テクノロジーシートの作り方については、恐らく石田さんの指導がなかったら、研究者の研究発表ポスターを貼る程度で終わらせていたと思います。
石田さんからは、
・技術に惚れてもらえるように企業が関心を持つポイントを記載する
・企業にお渡ししたテクノロジーシートが社内でどのように活用されていくか、担当者が上司に説明しやすいように作成する
など読み手の立場に立ったシート作りをアドバイス頂きました。
また、企業訪問については、実際に石田さんに同席頂き、大学内ではなかなか学べない、自分の案件を企業担当者に紹介するまでの道筋について実践を通して学ばせて頂きました。その際にプレマーケティングなどTLOが培ってきたノウハウを伝授頂きました。石田さんに寄り添っていただいたからこそ、頭ではわかっている地道な仕事を実際に行動へ移せ、成果を出すことができたと思います。頭でわかっていても実際に行動に移せるかどうかは、大きな違いです。
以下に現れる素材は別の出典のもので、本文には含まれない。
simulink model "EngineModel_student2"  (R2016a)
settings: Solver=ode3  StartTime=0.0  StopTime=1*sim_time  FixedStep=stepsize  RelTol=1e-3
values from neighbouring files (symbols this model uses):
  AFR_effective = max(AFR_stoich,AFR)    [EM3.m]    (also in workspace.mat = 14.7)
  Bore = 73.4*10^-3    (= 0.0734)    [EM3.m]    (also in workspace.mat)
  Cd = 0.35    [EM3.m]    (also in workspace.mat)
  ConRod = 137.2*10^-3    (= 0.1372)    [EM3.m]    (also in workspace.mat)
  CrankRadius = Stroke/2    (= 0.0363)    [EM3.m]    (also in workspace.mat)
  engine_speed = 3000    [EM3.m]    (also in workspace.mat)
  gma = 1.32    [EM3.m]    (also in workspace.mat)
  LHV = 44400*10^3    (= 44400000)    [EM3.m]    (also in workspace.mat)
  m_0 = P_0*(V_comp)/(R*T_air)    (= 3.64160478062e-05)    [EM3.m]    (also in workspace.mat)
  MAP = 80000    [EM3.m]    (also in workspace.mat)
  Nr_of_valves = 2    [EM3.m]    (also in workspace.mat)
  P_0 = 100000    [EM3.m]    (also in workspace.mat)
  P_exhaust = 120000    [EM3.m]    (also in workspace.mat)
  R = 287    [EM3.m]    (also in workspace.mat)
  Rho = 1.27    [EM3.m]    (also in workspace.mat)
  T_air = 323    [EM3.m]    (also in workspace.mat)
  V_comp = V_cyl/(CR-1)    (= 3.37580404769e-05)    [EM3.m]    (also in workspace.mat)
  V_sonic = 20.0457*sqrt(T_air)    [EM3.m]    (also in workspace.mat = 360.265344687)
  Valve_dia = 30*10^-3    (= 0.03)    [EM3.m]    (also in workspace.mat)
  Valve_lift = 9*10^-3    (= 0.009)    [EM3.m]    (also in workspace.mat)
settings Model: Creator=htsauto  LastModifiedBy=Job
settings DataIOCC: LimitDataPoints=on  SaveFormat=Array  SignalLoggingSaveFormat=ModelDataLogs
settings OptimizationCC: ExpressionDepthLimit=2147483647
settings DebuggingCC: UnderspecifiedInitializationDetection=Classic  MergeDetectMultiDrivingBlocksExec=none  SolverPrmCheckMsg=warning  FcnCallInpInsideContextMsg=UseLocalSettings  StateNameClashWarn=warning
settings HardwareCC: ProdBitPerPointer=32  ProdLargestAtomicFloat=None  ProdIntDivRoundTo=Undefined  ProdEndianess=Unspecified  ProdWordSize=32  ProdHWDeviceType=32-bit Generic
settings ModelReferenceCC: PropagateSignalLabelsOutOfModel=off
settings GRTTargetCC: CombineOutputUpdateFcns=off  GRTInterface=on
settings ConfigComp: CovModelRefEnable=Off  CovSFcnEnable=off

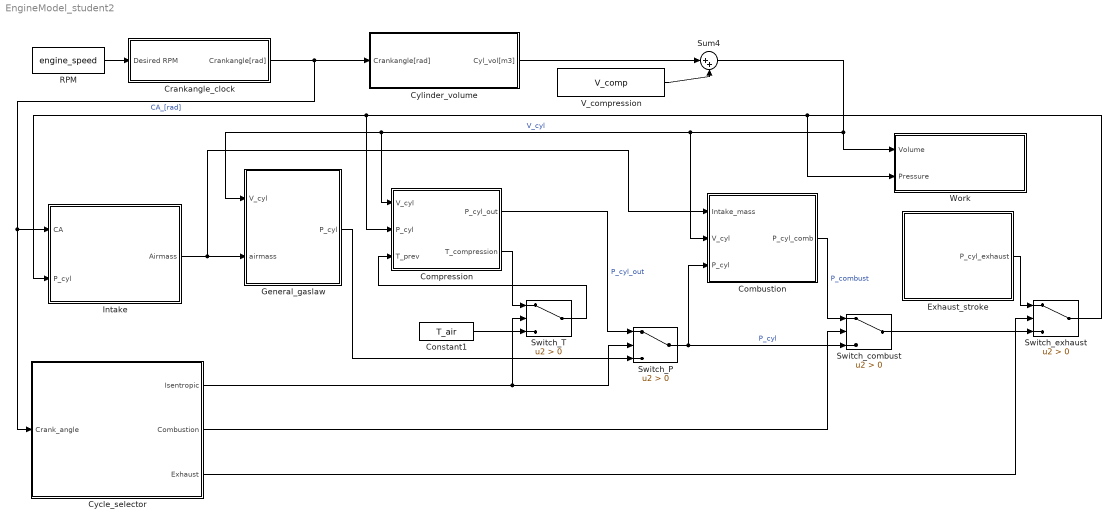
== system EngineModel_student2 ==
  Combustion : Subsystem
  Compression : Subsystem
  Constant1 : Constant  Value=T_air
  Crankangle_clock : Subsystem
  Cycle_selector : Subsystem
  Cylinder_volume : Subsystem
  Exhaust_stroke : Subsystem
  General_gaslaw : Subsystem
  Intake : Subsystem
  RPM : Constant  Value=engine_speed
  Sum4 : Sum  Inputs=|++
  Switch_P : Switch  Criteria=u2 > Threshold
  Switch_T : Switch  Criteria=u2 > Threshold
  Switch_combust : Switch  Criteria=u2 > Threshold
  Switch_exhaust : Switch  Criteria=u2 > Threshold
  V_compression : Constant  Value=V_comp
  Work : Subsystem
  wires:
  Sum4/1 -> Combustion/2(V_cyl), General_gaslaw/1(V_cyl), Compression/1(V_cyl), Work/1(Volume)  "V_cyl"
  RPM/1 -> Crankangle_clock/1(Desired RPM)
  Compression/1(P_cyl_out) -> Switch_P/1  "P_cyl_out"
  Compression/2(T_compression) -> Switch_T/1
  Switch_P/1 -> Switch_combust/3, Combustion/3(P_cyl)  "P_cyl"
  Combustion/1(P_cyl_comb) -> Switch_combust/1  "P_combust"
  Crankangle_clock/1(Crankangle[rad]) -> Cycle_selector/1(Crank_angle), Intake/1(CA), Cylinder_volume/1(Crankangle[rad])  "CA_[rad]"
  Switch_combust/1 -> Switch_exhaust/3
  Exhaust_stroke/1(P_cyl_exhaust) -> Switch_exhaust/1
  Cycle_selector/2(Combustion) -> Switch_combust/2
  Cycle_selector/3(Exhaust) -> Switch_exhaust/2
  Intake/1(Airmass) -> Combustion/1(Intake_mass), General_gaslaw/2(airmass)
  General_gaslaw/1(P_cyl) -> Switch_P/3
  Switch_exhaust/1 -> Work/2(Pressure), Intake/2(P_cyl), Compression/2(P_cyl)
  Switch_T/1 -> Compression/3(T_prev)
  Constant1/1 -> Switch_T/3
  Cycle_selector/1(Isentropic) -> Switch_P/2, Switch_T/2
  Cylinder_volume/1(Cyl_vol[m3]) -> Sum4/1
  V_compression/1 -> Sum4/2

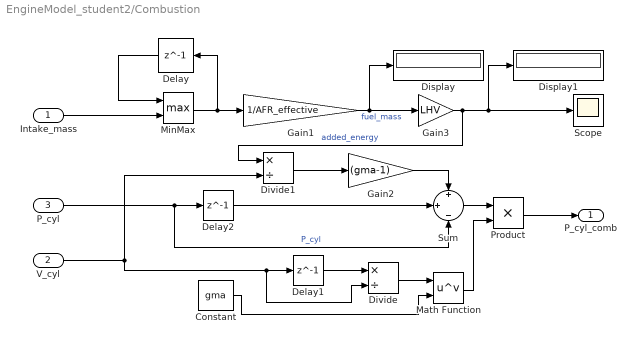
== system EngineModel_student2/Combustion ==
  Intake_mass : Inport
  V_cyl : Inport  Port=2
  P_cyl : Inport  Port=3
  Constant : Constant  Value=gma
  Delay : Delay  DelayLength=1  InitialCondition=0
  Delay1 : Delay  DelayLength=1
  Delay2 : Delay  DelayLength=1
  Display : Display
  Display1 : Display
  Divide : Product  Inputs=*/
  Divide1 : Product  Inputs=*/
  Gain1 : Gain  Gain=1/AFR_effective
  Gain2 : Gain  Gain=(gma-1)
  Gain3 : Gain  Gain=LHV
  Math Function : Math  Operator=pow  SaturateOnIntegerOverflow=on
  MinMax : MinMax  Function=max  Inputs=2
  Product : Product
  Scope : Scope
  Sum : Sum  Inputs=+|+|-
  P_cyl_comb : Outport
  wires:
  Intake_mass/1 -> MinMax/2
  MinMax/1 -> Delay/1, Gain1/1
  Gain1/1 -> Gain3/1, Display/1  "fuel_mass"
  Gain3/1 -> Scope/1, Display1/1, Divide1/1  "added_energy"
  Delay/1 -> MinMax/1
  Delay1/1 -> Divide/1
  Divide/1 -> Math Function/1
  Constant/1 -> Math Function/2
  Product/1 -> P_cyl_comb/1
  V_cyl/1 -> Divide1/2, Divide/2, Delay1/1
  P_cyl/1 -> Sum/3, Delay2/1  "P_cyl"
  Divide1/1 -> Gain2/1
  Sum/1 -> Product/1
  Gain2/1 -> Sum/1
  Delay2/1 -> Sum/2
  Math Function/1 -> Product/2

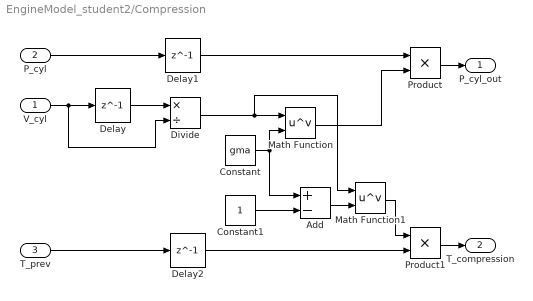
== system EngineModel_student2/Compression ==
  V_cyl : Inport
  P_cyl : Inport  Port=2
  T_prev : Inport  Port=3
  Add : Sum  Inputs=+-
  Constant : Constant  Value=gma
  Constant1 : Constant
  Delay : Delay  DelayLength=1  InitialCondition=0
  Delay1 : Delay  DelayLength=1
  Delay2 : Delay  DelayLength=1
  Divide : Product  Inputs=*/
  Math Function : Math  Operator=pow  SaturateOnIntegerOverflow=on
  Math Function1 : Math  Operator=pow  SaturateOnIntegerOverflow=on
  Product : Product
  Product1 : Product
  P_cyl_out : Outport
  T_compression : Outport  Port=2
  wires:
  V_cyl/1 -> Delay/1, Divide/2
  Math Function/1 -> Product/2
  Constant/1 -> Math Function/2, Add/1
  Constant1/1 -> Add/2
  Add/1 -> Math Function1/2
  Math Function1/1 -> Product1/1
  Product1/1 -> T_compression/1
  P_cyl/1 -> Delay1/1
  Divide/1 -> Math Function1/1, Math Function/1
  T_prev/1 -> Delay2/1
  Product/1 -> P_cyl_out/1
  Delay/1 -> Divide/1
  Delay1/1 -> Product/1
  Delay2/1 -> Product1/2

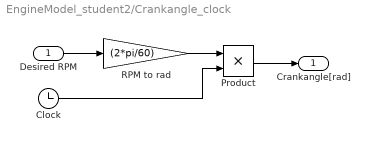
== system EngineModel_student2/Crankangle_clock ==
  Desired RPM : Inport
  Clock : Clock
  Product : Product
  RPM to rad : Gain  Gain=(2*pi/60)
  Crankangle[rad] : Outport
  wires:
  Desired RPM/1 -> RPM to rad/1
  RPM to rad/1 -> Product/1
  Clock/1 -> Product/2
  Product/1 -> Crankangle[rad]/1

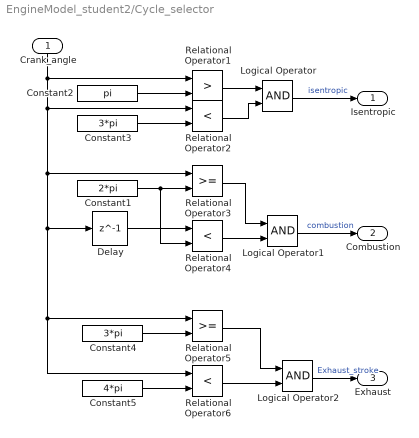
== system EngineModel_student2/Cycle_selector ==
  Crank_angle : Inport
  Constant1 : Constant  Value=2*pi
  Constant2 : Constant  Value=pi
  Constant3 : Constant  Value=3*pi
  Constant4 : Constant  Value=3*pi
  Constant5 : Constant  Value=4*pi
  Delay : Delay  DelayLength=1  InitialCondition=P_0
  Logical Operator : Logic  AllPortsSameDT=off  OutDataTypeStr=boolean
  Logical Operator1 : Logic  AllPortsSameDT=off  OutDataTypeStr=boolean
  Logical Operator2 : Logic  AllPortsSameDT=off  OutDataTypeStr=boolean
  Relational Operator1 : RelationalOperator  Operator=>  OutDataTypeStr=boolean
  Relational Operator2 : RelationalOperator  Operator=<  OutDataTypeStr=boolean
  Relational Operator3 : RelationalOperator  OutDataTypeStr=boolean
  Relational Operator4 : RelationalOperator  Operator=<  OutDataTypeStr=boolean
  Relational Operator5 : RelationalOperator  OutDataTypeStr=boolean
  Relational Operator6 : RelationalOperator  Operator=<  OutDataTypeStr=boolean
  Isentropic : Outport
  Combustion : Outport  Port=2
  Exhaust : Outport  Port=3
  wires:
  Relational Operator6/1 -> Logical Operator2/2
  Logical Operator2/1 -> Exhaust/1  "Exhaust_stroke"
  Relational Operator5/1 -> Logical Operator2/1
  Constant4/1 -> Relational Operator5/2
  Logical Operator/1 -> Isentropic/1  "isentropic"
  Relational Operator3/1 -> Logical Operator1/1
  Relational Operator4/1 -> Logical Operator1/2
  Logical Operator1/1 -> Combustion/1  "combustion"
  Constant2/1 -> Relational Operator1/2
  Constant1/1 -> Relational Operator4/2, Relational Operator3/2
  Relational Operator2/1 -> Logical Operator/2
  Relational Operator1/1 -> Logical Operator/1
  Delay/1 -> Relational Operator4/1
  Constant3/1 -> Relational Operator2/2
  Constant5/1 -> Relational Operator6/2
  Crank_angle/1 -> Relational Operator6/1, Relational Operator5/1, Delay/1, Relational Operator3/1, Relational Operator2/1, Relational Operator1/1

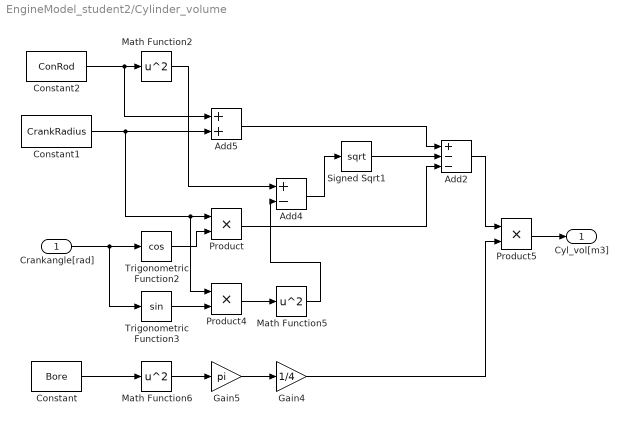
== system EngineModel_student2/Cylinder_volume ==
  Crankangle[rad] : Inport
  Add2 : Sum  Inputs=+--
  Add4 : Sum  Inputs=+-
  Add5 : Sum
  Constant : Constant  Value=Bore
  Constant1 : Constant  Value=CrankRadius
  Constant2 : Constant  Value=ConRod
  Gain4 : Gain  Gain=1/4
  Gain5 : Gain  Gain=pi
  Math Function2 : Math  Operator=square  SaturateOnIntegerOverflow=on
  Math Function5 : Math  Operator=square  SaturateOnIntegerOverflow=on
  Math Function6 : Math  Operator=square  SaturateOnIntegerOverflow=on
  Product : Product
  Product4 : Product
  Product5 : Product
  Signed Sqrt1 : Sqrt  SaturateOnIntegerOverflow=on
  Trigonometric Function2 : Trigonometry  Operator=cos
  Trigonometric Function3 : Trigonometry
  Cyl_vol[m3] : Outport
  wires:
  Constant1/1 -> Product4/1, Product/1, Add5/2
  Constant2/1 -> Math Function2/1, Add5/1
  Add5/1 -> Add2/1
  Trigonometric Function2/1 -> Product/2
  Math Function2/1 -> Add4/1
  Trigonometric Function3/1 -> Product4/2
  Product4/1 -> Math Function5/1
  Math Function5/1 -> Add4/2
  Add4/1 -> Signed Sqrt1/1
  Constant/1 -> Math Function6/1
  Signed Sqrt1/1 -> Add2/2
  Product/1 -> Add2/3
  Add2/1 -> Product5/1
  Product5/1 -> Cyl_vol[m3]/1
  Gain4/1 -> Product5/2
  Math Function6/1 -> Gain5/1
  Gain5/1 -> Gain4/1
  Crankangle[rad]/1 -> Trigonometric Function3/1, Trigonometric Function2/1

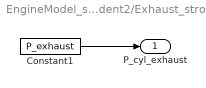
== system EngineModel_student2/Exhaust_stroke ==
  Constant1 : Constant  Value=P_exhaust
  P_cyl_exhaust : Outport
  wires:
  Constant1/1 -> P_cyl_exhaust/1

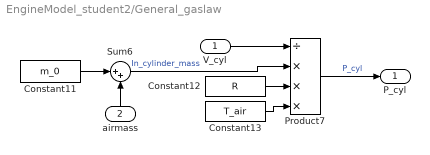
== system EngineModel_student2/General_gaslaw ==
  V_cyl : Inport
  airmass : Inport  Port=2
  Constant11 : Constant  Value=m_0
  Constant12 : Constant  Value=R
  Constant13 : Constant  Value=T_air
  Product7 : Product  Inputs=/***  RndMeth=Zero
  Sum6 : Sum  Inputs=|++
  P_cyl : Outport
  wires:
  Constant12/1 -> Product7/3
  Constant13/1 -> Product7/4
  Product7/1 -> P_cyl/1  "P_cyl"
  Sum6/1 -> Product7/2  "In_cylinder_mass"
  Constant11/1 -> Sum6/1
  airmass/1 -> Sum6/2
  V_cyl/1 -> Product7/1

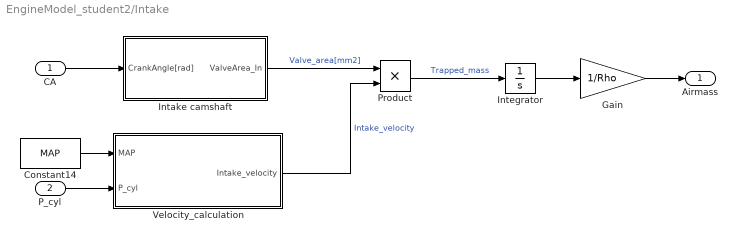
== system EngineModel_student2/Intake ==
  CA : Inport
  P_cyl : Inport  Port=2
  Constant14 : Constant  Value=MAP
  Gain : Gain  Gain=1/Rho
  Intake camshaft : Subsystem
  Integrator : Integrator
  Product : Product
  Velocity_calculation : Subsystem
  Airmass : Outport
  wires:
  Intake camshaft/1(ValveArea_In) -> Product/1  "Valve_area[mm2]"
  Velocity_calculation/1(Intake_velocity) -> Product/2  "Intake_velocity"
  Constant14/1 -> Velocity_calculation/1(MAP)
  CA/1 -> Intake camshaft/1(CrankAngle[rad])
  Product/1 -> Integrator/1  "Trapped_mass"
  Integrator/1 -> Gain/1
  Gain/1 -> Airmass/1
  P_cyl/1 -> Velocity_calculation/2(P_cyl)

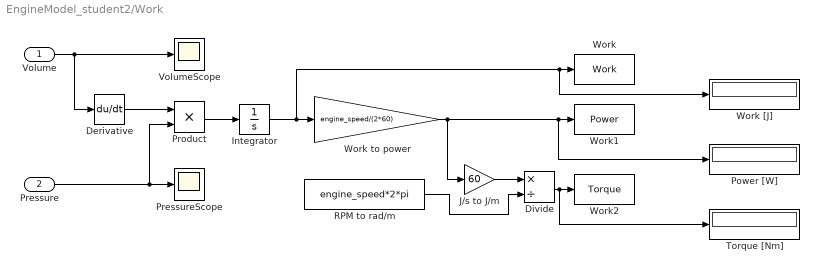
== system EngineModel_student2/Work ==
  Volume : Inport
  Pressure : Inport  Port=2
  Derivative : Derivative
  Divide : Product  Inputs=*/
  Integrator : Integrator
  J/s to J/m : Gain  Gain=60
  Power [W] : Display
  PressureScope : Scope
  Product : Product
  RPM to rad/m : Constant  Value=engine_speed*2*pi
  Torque [Nm] : Display
  VolumeScope : Scope
  Work : ToWorkspace  VariableName=Work  SampleTime=-1
      settings: MaxDataPoints=1
  Work [J] : Display
  Work to power : Gain  Gain=engine_speed/(2*60)
  Work1 : ToWorkspace  VariableName=Power  SampleTime=-1
      settings: MaxDataPoints=1
  Work2 : ToWorkspace  VariableName=Torque  SampleTime=-1
      settings: MaxDataPoints=1
  wires:
  Pressure/1 -> Product/2, PressureScope/1
  Integrator/1 -> Work [J]/1, Work/1, Work to power/1
  Volume/1 -> Derivative/1, VolumeScope/1
  Derivative/1 -> Product/1
  Product/1 -> Integrator/1
  Work to power/1 -> Power [W]/1, Work1/1, J/s to J/m/1
  J/s to J/m/1 -> Divide/1
  RPM to rad/m/1 -> Divide/2
  Divide/1 -> Torque [Nm]/1, Work2/1

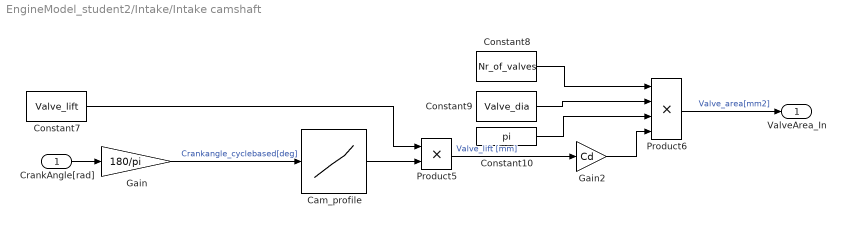
== system EngineModel_student2/Intake/Intake camshaft ==
  CrankAngle[rad] : Inport
  Cam_profile : Lookup_n-D  NumberOfTableDimensions=1  BreakpointsForDimension1=[0,10,20,30,40,50,60,70,80,90,100,110,120,130,140,150,160,170,180,190,200,210]  Table=[0,0.05,0.1,0.2,0.3,0.5,0.65,0.8,0.9,0.95,1,1,0.95,0.9,0.8,0.65,0.5,0.3,0.2,0.1,0.05,0]  ExtrapMethod=Clip  UseLastTableValue=on  RndMeth=Simplest  InputSameDT=on
  Constant10 : Constant  Value=pi
  Constant7 : Constant  Value=Valve_lift
  Constant8 : Constant  Value=Nr_of_valves
  Constant9 : Constant  Value=Valve_dia
  Gain : Gain  Gain=180/pi
  Gain2 : Gain  Gain=Cd
  Product5 : Product  RndMeth=Zero
  Product6 : Product  Inputs=4  RndMeth=Zero
  ValveArea_In : Outport
  wires:
  Cam_profile/1 -> Product5/2
  Product5/1 -> Gain2/1  "Valve_lift [mm]"
  Constant8/1 -> Product6/1
  Constant9/1 -> Product6/2
  Constant10/1 -> Product6/3
  Product6/1 -> ValveArea_In/1  "Valve_area[mm2]"
  CrankAngle[rad]/1 -> Gain/1
  Constant7/1 -> Product5/1
  Gain2/1 -> Product6/4
  Gain/1 -> Cam_profile/1  "Crankangle_cyclebased[deg]"

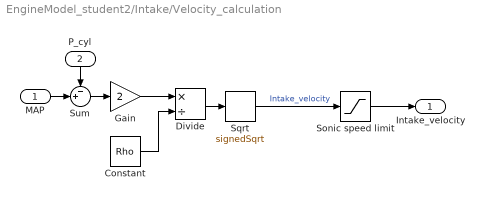
== system EngineModel_student2/Intake/Velocity_calculation ==
  MAP : Inport
  P_cyl : Inport  Port=2
  Constant : Constant  Value=Rho
  Divide : Product  Inputs=*/
  Gain : Gain  Gain=2
  Sonic speed limit : Saturate  UpperLimit=V_sonic  LowerLimit=-V_sonic
  Sqrt : Sqrt  Operator=signedSqrt  SaturateOnIntegerOverflow=on
  Sum : Sum  Inputs=-+|
  Intake_velocity : Outport
  wires:
  Sqrt/1 -> Sonic speed limit/1  "Intake_velocity"
  Sonic speed limit/1 -> Intake_velocity/1
  MAP/1 -> Sum/2
  P_cyl/1 -> Sum/1
  Sum/1 -> Gain/1
  Gain/1 -> Divide/1
  Constant/1 -> Divide/2
  Divide/1 -> Sqrt/1

キャリア面では、この研修を通して、RTTP(Registered Technology Transfer Professional:国際認定・技術移転プロフェッショナル)申請に向けての実績作りをすることができました
この研修を通して発明発掘から技術移転に至る一連の流れをOJT指導頂けたことを応用して、さらに次の案件の技術移転を成功させていきたいと思います。そのようなモチベーションが湧きました。
※2020年5月にRTTP認定されました。
・本研修に参加するにあたり、どんなスキルがあると望ましいと思われますか。
知財と契約の知識はあった方がよいですね。
この2つの基礎がないと技術移転の前線でやっていけませんから。
・応募を検討されている方へのメッセージをお願いいたします。
TLOのノウハウを学ぶ貴重な機会です。技術移転の一連のプロセスを石田さんに寄り添ってもらいながら経験でき、仕事の全体像が把握できたので、独り立ちできそうです。